* Brief: Copy every line that contains the string "VECTOR" from the entries below.

Records drawn from a dataset:
■ ■ ■ ■ ■ ■ ■

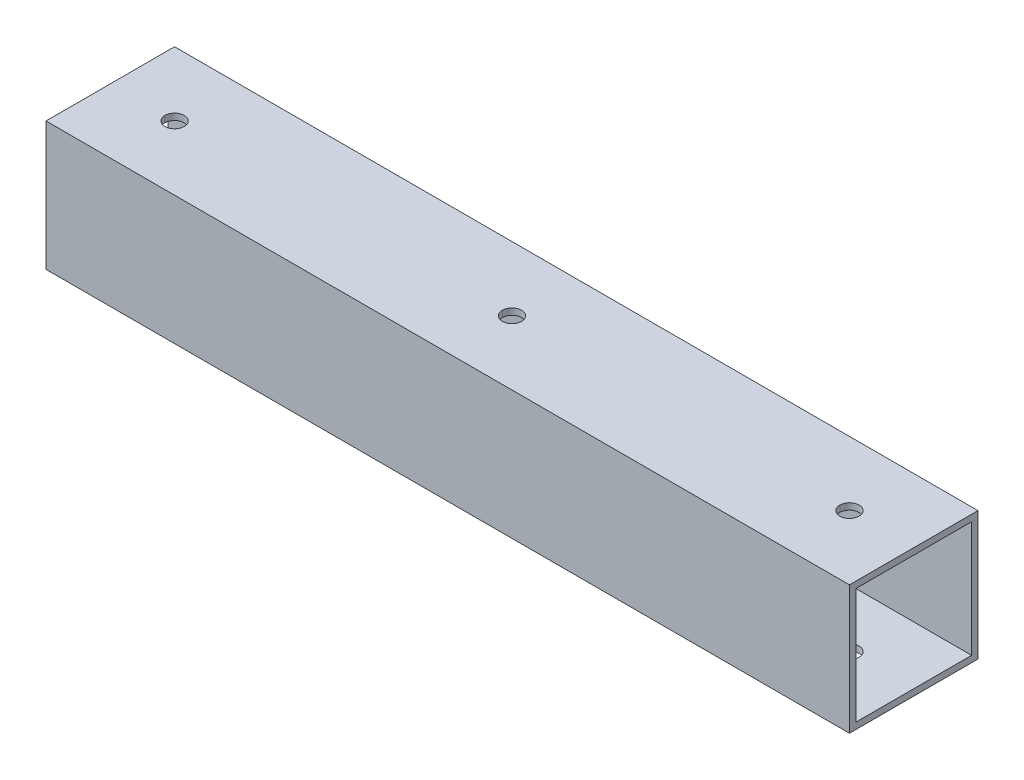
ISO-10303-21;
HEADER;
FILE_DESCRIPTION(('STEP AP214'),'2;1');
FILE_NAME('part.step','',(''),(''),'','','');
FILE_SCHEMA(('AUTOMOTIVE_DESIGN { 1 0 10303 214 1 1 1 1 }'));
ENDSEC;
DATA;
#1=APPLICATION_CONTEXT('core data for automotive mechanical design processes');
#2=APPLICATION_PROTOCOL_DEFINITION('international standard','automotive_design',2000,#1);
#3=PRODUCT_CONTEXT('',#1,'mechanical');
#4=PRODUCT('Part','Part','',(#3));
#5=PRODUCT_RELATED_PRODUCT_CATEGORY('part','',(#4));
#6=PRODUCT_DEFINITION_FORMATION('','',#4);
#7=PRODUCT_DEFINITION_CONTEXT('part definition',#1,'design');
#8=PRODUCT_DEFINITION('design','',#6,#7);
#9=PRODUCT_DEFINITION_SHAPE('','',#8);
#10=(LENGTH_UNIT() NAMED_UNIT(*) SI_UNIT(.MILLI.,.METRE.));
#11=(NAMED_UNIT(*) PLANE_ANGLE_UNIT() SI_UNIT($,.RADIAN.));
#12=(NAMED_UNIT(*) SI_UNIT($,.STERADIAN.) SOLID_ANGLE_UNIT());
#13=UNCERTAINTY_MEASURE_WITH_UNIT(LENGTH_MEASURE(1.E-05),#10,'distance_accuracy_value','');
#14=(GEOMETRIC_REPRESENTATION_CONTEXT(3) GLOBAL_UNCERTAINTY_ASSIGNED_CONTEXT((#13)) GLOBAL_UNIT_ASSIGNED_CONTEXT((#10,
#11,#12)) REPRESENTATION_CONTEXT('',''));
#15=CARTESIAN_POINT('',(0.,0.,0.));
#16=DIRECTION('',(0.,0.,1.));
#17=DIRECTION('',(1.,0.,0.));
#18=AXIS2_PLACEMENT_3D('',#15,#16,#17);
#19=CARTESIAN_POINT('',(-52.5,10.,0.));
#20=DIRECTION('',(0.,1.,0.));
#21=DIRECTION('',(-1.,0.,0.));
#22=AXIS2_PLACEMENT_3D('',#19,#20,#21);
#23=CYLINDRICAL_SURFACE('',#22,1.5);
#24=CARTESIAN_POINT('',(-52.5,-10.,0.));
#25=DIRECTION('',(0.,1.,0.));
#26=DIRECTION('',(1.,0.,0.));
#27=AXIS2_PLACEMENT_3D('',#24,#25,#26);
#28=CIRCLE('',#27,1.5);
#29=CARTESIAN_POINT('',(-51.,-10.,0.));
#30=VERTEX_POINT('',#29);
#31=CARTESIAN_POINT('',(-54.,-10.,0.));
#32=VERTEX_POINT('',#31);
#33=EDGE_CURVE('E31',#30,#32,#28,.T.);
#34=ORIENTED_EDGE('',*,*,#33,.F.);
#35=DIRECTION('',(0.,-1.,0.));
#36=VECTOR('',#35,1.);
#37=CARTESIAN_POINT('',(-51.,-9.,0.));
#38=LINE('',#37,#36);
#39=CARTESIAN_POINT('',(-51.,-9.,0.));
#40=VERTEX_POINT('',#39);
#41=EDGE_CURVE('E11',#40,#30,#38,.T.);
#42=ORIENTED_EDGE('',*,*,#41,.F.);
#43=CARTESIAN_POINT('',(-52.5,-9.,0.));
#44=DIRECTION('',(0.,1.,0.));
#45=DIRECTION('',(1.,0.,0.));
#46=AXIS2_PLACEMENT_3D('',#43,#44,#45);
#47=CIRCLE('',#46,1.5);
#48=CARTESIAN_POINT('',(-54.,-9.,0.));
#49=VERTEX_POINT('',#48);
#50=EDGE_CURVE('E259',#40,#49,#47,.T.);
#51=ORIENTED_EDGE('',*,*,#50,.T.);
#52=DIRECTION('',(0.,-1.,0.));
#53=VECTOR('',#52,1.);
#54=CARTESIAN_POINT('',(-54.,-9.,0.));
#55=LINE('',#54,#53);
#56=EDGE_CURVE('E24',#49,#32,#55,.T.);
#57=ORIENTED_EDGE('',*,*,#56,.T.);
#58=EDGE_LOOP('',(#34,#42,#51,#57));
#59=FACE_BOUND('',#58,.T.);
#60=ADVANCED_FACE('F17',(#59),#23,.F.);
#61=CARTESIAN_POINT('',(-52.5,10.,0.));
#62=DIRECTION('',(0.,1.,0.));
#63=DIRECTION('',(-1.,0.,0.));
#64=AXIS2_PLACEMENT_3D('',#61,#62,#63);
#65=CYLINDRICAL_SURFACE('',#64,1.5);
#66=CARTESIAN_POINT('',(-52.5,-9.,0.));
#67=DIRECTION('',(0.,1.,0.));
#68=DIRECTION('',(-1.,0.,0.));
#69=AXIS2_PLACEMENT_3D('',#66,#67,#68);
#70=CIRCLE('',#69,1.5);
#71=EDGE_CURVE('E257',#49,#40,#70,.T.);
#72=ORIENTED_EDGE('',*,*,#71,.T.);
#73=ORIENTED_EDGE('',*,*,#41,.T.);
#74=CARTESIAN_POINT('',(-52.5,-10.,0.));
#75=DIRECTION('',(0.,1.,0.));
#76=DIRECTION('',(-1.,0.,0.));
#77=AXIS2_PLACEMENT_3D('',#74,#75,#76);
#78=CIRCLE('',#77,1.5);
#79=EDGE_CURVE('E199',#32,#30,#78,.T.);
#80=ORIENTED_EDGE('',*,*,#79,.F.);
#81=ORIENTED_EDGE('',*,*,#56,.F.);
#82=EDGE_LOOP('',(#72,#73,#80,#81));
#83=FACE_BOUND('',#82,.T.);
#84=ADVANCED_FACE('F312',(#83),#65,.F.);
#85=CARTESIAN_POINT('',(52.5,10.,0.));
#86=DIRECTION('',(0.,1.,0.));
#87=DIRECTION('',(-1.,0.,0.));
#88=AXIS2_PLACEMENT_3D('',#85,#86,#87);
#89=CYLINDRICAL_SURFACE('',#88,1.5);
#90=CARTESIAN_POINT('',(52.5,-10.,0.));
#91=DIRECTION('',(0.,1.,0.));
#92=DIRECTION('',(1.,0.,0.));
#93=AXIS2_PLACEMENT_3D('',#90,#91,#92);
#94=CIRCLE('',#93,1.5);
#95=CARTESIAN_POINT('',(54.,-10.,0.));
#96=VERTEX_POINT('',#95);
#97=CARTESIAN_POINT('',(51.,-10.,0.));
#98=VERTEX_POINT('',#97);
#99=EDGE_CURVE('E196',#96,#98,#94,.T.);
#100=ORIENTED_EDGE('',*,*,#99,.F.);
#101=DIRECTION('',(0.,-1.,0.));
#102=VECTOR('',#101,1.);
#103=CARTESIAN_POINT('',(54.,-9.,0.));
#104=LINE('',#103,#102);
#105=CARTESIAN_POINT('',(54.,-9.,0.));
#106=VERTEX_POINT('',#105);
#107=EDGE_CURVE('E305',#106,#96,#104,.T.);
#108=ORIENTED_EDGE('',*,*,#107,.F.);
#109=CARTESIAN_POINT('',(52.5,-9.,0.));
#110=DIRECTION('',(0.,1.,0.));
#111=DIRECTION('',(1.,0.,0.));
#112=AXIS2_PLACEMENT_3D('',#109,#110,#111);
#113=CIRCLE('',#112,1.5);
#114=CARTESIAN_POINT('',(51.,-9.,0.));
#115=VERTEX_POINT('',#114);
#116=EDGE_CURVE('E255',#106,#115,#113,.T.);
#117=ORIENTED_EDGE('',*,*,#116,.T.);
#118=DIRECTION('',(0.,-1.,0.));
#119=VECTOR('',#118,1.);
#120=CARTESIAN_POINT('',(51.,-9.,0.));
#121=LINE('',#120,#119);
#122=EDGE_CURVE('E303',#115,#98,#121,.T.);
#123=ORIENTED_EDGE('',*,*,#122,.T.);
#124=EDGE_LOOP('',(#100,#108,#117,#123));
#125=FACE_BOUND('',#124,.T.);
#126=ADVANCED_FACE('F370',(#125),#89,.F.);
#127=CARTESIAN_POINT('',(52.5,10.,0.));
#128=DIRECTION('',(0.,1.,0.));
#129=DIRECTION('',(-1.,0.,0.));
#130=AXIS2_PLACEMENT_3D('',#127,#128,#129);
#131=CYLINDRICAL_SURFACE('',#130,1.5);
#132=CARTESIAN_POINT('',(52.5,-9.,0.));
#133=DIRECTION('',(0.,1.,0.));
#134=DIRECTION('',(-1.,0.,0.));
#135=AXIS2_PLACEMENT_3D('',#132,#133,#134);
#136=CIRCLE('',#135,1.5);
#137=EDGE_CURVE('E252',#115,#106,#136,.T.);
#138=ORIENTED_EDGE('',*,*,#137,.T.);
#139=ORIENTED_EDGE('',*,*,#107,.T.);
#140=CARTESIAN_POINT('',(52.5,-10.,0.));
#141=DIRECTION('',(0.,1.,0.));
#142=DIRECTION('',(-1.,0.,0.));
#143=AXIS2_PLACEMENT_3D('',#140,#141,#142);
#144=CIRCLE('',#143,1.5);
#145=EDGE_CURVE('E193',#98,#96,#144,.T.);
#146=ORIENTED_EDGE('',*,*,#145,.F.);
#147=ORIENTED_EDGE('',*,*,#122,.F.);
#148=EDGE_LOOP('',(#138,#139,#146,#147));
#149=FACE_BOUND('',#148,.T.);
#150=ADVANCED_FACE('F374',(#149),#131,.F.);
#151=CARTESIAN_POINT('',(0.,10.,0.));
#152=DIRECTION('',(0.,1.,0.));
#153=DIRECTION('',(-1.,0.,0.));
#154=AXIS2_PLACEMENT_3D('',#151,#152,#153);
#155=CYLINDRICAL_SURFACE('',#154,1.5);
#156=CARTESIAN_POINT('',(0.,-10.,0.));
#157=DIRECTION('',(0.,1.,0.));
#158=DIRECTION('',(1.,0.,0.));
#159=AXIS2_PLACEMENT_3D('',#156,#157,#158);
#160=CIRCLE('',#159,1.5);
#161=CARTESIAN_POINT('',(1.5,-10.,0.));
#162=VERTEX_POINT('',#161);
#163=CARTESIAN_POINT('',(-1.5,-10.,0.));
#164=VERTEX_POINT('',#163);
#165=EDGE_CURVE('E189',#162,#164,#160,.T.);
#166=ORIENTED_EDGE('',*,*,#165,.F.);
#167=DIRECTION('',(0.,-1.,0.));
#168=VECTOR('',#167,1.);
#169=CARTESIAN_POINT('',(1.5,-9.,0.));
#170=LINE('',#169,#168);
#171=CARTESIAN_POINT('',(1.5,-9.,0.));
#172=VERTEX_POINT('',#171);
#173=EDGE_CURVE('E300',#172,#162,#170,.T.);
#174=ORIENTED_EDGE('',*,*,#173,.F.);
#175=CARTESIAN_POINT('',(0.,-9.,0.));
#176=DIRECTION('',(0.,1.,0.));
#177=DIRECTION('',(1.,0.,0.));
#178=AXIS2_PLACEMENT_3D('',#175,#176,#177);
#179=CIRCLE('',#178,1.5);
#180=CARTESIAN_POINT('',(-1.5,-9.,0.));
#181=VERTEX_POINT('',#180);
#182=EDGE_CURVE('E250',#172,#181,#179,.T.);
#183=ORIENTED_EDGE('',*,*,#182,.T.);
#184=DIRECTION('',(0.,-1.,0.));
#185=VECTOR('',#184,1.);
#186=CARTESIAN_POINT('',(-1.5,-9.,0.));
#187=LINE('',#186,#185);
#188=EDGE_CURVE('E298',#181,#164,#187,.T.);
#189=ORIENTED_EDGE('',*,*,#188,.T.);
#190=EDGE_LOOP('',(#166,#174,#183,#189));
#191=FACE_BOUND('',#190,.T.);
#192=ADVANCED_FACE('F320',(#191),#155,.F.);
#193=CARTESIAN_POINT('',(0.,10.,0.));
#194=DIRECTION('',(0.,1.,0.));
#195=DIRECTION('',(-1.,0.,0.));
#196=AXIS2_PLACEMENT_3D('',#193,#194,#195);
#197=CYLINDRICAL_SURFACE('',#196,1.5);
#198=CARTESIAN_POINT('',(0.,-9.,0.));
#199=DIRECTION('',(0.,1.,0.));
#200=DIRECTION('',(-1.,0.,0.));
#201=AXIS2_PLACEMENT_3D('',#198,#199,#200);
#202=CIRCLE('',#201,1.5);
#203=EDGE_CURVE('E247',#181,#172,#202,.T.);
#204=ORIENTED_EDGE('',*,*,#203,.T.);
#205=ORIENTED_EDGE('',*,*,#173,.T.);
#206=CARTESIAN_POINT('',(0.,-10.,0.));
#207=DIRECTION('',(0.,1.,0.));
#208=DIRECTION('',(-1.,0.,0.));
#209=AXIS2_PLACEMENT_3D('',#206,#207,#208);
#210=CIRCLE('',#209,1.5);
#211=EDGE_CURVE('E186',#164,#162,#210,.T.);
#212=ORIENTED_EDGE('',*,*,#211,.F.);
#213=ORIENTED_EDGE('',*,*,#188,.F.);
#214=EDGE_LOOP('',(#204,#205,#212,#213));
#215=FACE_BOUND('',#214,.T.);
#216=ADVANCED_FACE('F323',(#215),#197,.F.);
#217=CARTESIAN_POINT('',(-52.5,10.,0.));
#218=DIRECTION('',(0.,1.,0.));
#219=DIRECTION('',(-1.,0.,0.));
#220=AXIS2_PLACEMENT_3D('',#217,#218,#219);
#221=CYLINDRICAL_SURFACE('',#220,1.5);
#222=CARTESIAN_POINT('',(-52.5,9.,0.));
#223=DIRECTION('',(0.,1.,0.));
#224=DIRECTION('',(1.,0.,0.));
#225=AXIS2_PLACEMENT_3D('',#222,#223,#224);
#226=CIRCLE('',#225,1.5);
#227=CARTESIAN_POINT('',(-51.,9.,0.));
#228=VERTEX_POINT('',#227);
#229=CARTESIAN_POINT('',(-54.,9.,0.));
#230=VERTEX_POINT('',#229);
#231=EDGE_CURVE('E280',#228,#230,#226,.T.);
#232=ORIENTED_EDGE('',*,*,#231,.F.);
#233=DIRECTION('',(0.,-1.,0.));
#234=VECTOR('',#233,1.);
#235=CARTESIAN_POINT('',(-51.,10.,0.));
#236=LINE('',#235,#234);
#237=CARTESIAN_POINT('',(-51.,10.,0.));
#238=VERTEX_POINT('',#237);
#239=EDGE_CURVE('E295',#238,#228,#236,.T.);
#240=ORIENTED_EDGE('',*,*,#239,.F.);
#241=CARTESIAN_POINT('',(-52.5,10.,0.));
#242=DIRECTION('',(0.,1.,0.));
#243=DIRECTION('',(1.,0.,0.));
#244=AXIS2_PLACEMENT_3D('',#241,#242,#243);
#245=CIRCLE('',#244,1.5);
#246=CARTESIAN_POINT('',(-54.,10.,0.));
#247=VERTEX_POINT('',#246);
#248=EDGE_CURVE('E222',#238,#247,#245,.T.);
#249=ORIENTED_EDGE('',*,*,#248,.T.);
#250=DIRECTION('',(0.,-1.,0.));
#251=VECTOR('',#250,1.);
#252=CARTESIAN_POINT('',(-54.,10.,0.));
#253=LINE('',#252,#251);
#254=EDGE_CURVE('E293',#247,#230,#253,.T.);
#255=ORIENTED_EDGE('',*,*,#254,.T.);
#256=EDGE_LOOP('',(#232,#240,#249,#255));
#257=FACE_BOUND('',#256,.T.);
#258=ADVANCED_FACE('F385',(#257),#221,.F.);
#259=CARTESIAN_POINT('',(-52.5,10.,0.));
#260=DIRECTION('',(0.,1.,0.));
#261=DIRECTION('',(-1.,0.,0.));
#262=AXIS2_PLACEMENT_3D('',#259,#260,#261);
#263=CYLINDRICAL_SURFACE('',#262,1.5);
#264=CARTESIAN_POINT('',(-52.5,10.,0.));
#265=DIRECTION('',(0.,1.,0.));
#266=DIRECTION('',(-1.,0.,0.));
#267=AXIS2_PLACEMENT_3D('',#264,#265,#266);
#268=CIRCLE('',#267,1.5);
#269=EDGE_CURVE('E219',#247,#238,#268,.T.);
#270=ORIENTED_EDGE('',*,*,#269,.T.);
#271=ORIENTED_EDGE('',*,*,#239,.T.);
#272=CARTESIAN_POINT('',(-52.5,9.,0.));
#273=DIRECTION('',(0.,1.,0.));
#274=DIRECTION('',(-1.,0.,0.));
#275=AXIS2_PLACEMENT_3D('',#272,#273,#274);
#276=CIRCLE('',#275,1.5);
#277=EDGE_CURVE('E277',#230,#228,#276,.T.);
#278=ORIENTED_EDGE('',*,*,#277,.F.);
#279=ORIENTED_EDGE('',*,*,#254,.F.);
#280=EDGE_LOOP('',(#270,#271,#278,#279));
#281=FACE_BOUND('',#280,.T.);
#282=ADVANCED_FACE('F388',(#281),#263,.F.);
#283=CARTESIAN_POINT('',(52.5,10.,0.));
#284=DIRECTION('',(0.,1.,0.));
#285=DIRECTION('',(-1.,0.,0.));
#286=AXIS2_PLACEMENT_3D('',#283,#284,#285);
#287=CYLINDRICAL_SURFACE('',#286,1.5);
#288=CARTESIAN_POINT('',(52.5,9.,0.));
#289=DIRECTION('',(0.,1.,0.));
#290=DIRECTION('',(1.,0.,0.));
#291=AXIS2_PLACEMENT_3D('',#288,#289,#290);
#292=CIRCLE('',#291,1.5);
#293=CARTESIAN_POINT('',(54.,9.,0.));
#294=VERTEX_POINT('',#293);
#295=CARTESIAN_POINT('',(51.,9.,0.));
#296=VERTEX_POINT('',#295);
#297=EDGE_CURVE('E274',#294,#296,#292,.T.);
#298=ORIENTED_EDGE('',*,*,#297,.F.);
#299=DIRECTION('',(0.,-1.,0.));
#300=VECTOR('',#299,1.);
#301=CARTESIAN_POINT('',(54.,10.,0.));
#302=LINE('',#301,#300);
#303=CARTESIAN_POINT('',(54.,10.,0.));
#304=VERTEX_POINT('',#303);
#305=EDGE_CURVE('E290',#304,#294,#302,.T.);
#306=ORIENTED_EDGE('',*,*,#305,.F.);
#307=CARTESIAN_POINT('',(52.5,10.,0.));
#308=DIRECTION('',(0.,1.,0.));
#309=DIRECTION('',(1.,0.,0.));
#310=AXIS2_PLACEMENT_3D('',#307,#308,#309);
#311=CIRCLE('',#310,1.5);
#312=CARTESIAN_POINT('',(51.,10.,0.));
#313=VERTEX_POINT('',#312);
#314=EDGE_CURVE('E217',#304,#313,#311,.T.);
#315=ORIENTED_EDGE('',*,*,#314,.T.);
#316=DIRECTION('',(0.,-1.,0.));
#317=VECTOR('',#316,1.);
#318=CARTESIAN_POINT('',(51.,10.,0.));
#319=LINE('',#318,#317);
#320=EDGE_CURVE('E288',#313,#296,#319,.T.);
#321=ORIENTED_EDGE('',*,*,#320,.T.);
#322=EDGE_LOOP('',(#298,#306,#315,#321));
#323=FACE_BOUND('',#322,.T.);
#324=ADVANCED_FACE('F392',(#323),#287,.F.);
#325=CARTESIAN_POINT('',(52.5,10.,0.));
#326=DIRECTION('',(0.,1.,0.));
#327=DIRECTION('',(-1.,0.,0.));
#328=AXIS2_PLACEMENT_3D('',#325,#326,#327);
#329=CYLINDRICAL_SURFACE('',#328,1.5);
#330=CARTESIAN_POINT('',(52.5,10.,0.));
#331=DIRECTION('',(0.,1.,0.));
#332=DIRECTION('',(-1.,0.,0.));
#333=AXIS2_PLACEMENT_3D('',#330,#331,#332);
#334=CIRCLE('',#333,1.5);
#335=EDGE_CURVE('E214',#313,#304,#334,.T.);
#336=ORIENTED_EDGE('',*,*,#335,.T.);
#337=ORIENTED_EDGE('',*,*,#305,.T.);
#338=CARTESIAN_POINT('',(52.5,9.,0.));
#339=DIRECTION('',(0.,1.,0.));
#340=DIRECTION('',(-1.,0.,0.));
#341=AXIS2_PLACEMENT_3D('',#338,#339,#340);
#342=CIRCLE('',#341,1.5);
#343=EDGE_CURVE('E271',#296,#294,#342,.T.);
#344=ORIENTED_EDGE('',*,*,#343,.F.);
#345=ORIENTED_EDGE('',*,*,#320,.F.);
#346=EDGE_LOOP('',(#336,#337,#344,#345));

■ ■ ■ ■ ■ ■ ■

* Written response:
#36=VECTOR('',#35,1.);
#53=VECTOR('',#52,1.);
#102=VECTOR('',#101,1.);
#119=VECTOR('',#118,1.);
#168=VECTOR('',#167,1.);
#185=VECTOR('',#184,1.);
#234=VECTOR('',#233,1.);
#251=VECTOR('',#250,1.);
#300=VECTOR('',#299,1.);
#317=VECTOR('',#316,1.);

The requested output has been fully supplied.